Example of what I assume is an issue during analysis:
import pyspark.sql.functions as F df = spark.range(1).withColumn('data', F.struct() .withField('a', F.struct()) .withField('b', F.struct()) .withField('a.aa', F.lit('aa')) .withField('b.ba', F.lit('ba')) .withField('a.ab', F.lit('ab')) .withField('b.bb', F.lit('bb')) .withField('a.ac', F.lit('ac')) ) df.printSchema()
Output schema:
root |-- id: long (nullable = false) |-- data: struct (nullable = false) | |-- b: struct (nullable = false) | | |-- aa: string (nullable = false) | | |-- ab: string (nullable = false) | | |-- bb: string (nullable = false) | |-- a: struct (nullable = false) | | |-- aa: string (nullable = false) | | |-- ab: string (nullable = false) | | |-- ac: string (nullable = false)
And an example of runtime data issue:
df = (spark.range(1) .withColumn('data', F.struct() .withField('a', F.struct().withField('aa', F.lit('aa'))) .withField('b', F.struct().withField('ba', F.lit('ba'))) ) .withColumn('data', F.col('data').withField('b.bb', F.lit('bb'))) .withColumn('data', F.col('data').withField('a.ab', F.lit('ab'))) ) df.printSchema() df.groupBy('data.a.aa', 'data.a.ab', 'data.b.ba', 'data.b.bb').count().show()
Output:
root |-- id: long (nullable = false) |-- data: struct (nullable = false) | |-- a: struct (nullable = false) | | |-- aa: string (nullable = false) | | |-- ab: string (nullable = false) | |-- b: struct (nullable = false) | | |-- ba: string (nullable = false) | | |-- bb: string (nullable = false) +---+---+---+---+-----+ | aa| ab| ba| bb|count| +---+---+---+---+-----+ | ba| bb| aa| ab| 1| +---+---+---+---+-----+
The columns have the wrong data in them, even though the schema is correct. Additionally, if you add another column you get an exception:
df = (spark.range(1) .withColumn('data', F.struct() .withField('a', F.struct().withField('aa', F.lit('aa'))) .withField('b', F.struct().withField('ba', F.lit('ba'))) ) .withColumn('data', F.col('data').withField('a.ab', F.lit('ab'))) .withColumn('data', F.col('data').withField('b.bb', F.lit('bb'))) .withColumn('data', F.col('data').withField('a.ac', F.lit('ac'))) ) df.groupBy('data.a.aa', 'data.a.ab', 'data.a.ac', 'data.b.ba', 'data.b.bb').count().show() java.lang.ArrayIndexOutOfBoundsException: 2 at org.apache.spark.sql.catalyst.expressions.GenericInternalRow.genericGet(rows.scala:201) at org.apache.spark.sql.catalyst.expressions.BaseGenericInternalRow.getAs(rows.scala:35) at org.apache.spark.sql.catalyst.expressions.BaseGenericInternalRow.getUTF8String(rows.scala:46) at org.apache.spark.sql.catalyst.expressions.BaseGenericInternalRow.getUTF8String$(rows.scala:46) at org.apache.spark.sql.catalyst.expressions.GenericInternalRow.getUTF8String(rows.scala:195) at org.apache.spark.sql.catalyst.expressions.GeneratedClass$GeneratedIteratorForCodegenStage1.agg_doConsume_0$(Unknown Source) at org.apache.spark.sql.catalyst.expressions.GeneratedClass$GeneratedIteratorForCodegenStage1.agg_doAggregateWithKeys_0$(Unknown Source) at org.apache.spark.sql.catalyst.expressions.GeneratedClass$GeneratedIteratorForCodegenStage1.processNext(Unknown Source)

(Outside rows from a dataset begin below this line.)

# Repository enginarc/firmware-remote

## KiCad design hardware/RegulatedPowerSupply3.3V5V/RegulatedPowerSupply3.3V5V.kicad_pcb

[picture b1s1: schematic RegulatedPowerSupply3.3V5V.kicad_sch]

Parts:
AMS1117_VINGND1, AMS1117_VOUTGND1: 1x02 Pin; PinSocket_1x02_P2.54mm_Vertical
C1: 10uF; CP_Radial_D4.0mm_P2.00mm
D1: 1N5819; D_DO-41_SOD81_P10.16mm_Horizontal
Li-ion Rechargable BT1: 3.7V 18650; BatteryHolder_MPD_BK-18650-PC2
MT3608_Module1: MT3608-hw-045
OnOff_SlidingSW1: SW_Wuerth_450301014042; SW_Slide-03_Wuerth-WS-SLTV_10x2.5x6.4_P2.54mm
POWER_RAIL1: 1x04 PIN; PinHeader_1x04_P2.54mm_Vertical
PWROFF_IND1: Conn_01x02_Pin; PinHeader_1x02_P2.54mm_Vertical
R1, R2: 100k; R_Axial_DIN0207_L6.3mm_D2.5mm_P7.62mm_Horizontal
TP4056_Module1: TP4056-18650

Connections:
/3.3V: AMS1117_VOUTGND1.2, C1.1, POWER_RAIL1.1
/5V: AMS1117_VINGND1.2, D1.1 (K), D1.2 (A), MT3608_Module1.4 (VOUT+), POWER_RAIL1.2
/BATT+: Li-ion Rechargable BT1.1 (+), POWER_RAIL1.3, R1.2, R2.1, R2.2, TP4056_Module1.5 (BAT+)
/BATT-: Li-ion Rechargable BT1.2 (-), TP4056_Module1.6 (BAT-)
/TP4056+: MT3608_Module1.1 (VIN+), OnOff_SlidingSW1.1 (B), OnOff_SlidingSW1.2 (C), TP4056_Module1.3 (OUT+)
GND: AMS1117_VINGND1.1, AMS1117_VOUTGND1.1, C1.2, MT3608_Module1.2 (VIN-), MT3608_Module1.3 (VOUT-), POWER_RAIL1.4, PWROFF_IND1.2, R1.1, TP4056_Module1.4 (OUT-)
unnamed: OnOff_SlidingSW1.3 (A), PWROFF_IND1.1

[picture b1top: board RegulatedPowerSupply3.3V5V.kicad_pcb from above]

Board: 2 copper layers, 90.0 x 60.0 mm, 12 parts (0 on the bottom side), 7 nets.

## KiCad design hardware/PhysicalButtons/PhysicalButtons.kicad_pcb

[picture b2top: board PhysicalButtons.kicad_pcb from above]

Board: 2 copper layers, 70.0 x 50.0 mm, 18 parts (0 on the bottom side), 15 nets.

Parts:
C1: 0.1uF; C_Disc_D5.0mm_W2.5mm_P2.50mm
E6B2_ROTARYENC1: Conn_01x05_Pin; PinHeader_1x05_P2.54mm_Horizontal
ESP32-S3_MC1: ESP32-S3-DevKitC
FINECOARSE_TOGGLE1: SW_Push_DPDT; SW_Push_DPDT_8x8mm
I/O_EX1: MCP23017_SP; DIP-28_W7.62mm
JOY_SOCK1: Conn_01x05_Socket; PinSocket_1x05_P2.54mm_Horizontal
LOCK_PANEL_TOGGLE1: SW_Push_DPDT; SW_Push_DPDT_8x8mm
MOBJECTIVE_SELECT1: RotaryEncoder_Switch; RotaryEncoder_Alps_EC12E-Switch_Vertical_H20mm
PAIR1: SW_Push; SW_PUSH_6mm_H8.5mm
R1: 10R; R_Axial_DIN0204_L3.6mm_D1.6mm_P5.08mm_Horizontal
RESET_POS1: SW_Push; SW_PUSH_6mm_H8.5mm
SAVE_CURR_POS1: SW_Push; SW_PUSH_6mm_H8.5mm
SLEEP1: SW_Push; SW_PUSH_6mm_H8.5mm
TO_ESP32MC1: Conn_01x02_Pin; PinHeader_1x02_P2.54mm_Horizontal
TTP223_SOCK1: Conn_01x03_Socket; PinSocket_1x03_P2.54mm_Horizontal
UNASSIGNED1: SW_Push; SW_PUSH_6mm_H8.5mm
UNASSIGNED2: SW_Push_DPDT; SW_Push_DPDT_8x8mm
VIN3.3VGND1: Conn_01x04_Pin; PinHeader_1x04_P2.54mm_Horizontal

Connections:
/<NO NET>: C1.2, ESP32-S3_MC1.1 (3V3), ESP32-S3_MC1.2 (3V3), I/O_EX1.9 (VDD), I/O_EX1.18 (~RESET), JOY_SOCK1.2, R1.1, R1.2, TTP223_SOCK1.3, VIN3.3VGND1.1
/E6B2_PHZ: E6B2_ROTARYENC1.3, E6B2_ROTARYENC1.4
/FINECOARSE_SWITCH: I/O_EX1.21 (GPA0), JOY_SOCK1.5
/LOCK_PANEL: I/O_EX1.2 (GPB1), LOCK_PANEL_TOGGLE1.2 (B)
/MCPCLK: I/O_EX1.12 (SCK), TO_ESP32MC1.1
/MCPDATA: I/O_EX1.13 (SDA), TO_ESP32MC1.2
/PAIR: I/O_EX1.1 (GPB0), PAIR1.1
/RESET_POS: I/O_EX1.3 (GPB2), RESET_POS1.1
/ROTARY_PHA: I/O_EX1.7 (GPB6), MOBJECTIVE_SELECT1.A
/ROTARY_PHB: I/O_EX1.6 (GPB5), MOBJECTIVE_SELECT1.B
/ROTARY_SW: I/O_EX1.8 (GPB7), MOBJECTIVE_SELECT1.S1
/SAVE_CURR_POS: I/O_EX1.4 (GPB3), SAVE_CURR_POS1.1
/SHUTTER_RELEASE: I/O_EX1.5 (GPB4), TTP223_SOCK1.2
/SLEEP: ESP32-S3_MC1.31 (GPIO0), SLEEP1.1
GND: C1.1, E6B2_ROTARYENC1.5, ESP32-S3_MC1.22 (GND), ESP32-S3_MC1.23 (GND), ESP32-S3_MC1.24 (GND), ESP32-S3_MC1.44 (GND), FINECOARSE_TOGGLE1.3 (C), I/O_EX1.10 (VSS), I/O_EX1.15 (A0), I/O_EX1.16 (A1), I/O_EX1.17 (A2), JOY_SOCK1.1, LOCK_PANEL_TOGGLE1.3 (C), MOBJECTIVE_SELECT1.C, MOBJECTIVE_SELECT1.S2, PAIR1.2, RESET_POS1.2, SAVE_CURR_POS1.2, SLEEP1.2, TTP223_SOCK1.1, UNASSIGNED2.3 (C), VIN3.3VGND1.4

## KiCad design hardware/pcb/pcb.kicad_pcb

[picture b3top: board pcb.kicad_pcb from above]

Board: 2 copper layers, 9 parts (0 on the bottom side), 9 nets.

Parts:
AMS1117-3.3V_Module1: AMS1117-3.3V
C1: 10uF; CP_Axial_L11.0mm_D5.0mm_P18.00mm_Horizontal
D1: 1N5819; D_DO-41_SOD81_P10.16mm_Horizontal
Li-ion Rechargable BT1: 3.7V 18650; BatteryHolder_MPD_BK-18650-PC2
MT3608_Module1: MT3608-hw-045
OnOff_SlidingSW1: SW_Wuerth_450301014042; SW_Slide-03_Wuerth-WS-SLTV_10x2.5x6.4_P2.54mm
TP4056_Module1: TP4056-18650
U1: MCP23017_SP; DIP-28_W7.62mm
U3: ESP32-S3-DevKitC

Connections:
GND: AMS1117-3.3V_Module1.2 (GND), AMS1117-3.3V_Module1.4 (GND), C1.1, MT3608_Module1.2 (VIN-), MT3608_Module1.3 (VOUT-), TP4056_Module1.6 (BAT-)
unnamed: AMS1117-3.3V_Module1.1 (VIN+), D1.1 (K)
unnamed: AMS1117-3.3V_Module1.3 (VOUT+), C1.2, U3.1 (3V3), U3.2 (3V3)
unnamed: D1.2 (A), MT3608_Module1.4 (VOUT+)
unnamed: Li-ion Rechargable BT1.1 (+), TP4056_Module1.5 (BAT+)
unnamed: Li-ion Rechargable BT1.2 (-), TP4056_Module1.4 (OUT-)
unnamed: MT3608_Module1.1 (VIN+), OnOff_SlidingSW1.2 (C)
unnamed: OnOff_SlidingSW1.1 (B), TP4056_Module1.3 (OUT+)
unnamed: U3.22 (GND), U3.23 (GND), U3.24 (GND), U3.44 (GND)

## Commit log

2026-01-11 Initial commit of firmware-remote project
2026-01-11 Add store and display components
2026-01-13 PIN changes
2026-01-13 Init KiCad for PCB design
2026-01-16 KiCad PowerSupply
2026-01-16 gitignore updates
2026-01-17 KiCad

But if you reorder the withField expressions, you get correct behavior:
df = (spark.range(1) .withColumn('data', F.struct() .withField('a', F.struct().withField('aa', F.lit('aa'))) .withField('b', F.struct().withField('ba', F.lit('ba'))) ) .withColumn('data', F.col('data').withField('a.ab', F.lit('ab'))) .withColumn('data', F.col('data').withField('a.ac', F.lit('ac'))) .withColumn('data', F.col('data').withField('b.bb', F.lit('bb'))) ) df.groupBy('data.a.aa', 'data.a.ab', 'data.a.ac', 'data.b.ba', 'data.b.bb').count().show() +---+---+---+---+---+-----+ | aa| ab| ac| ba| bb|count| +---+---+---+---+---+-----+ | aa| ab| ac| ba| bb| 1| +---+---+---+---+---+-----+
I think this has to do with the double ".reverse" method to dedupe expressions in OptimizeUpdateFields. I'm working on a PR to try to fix these issues.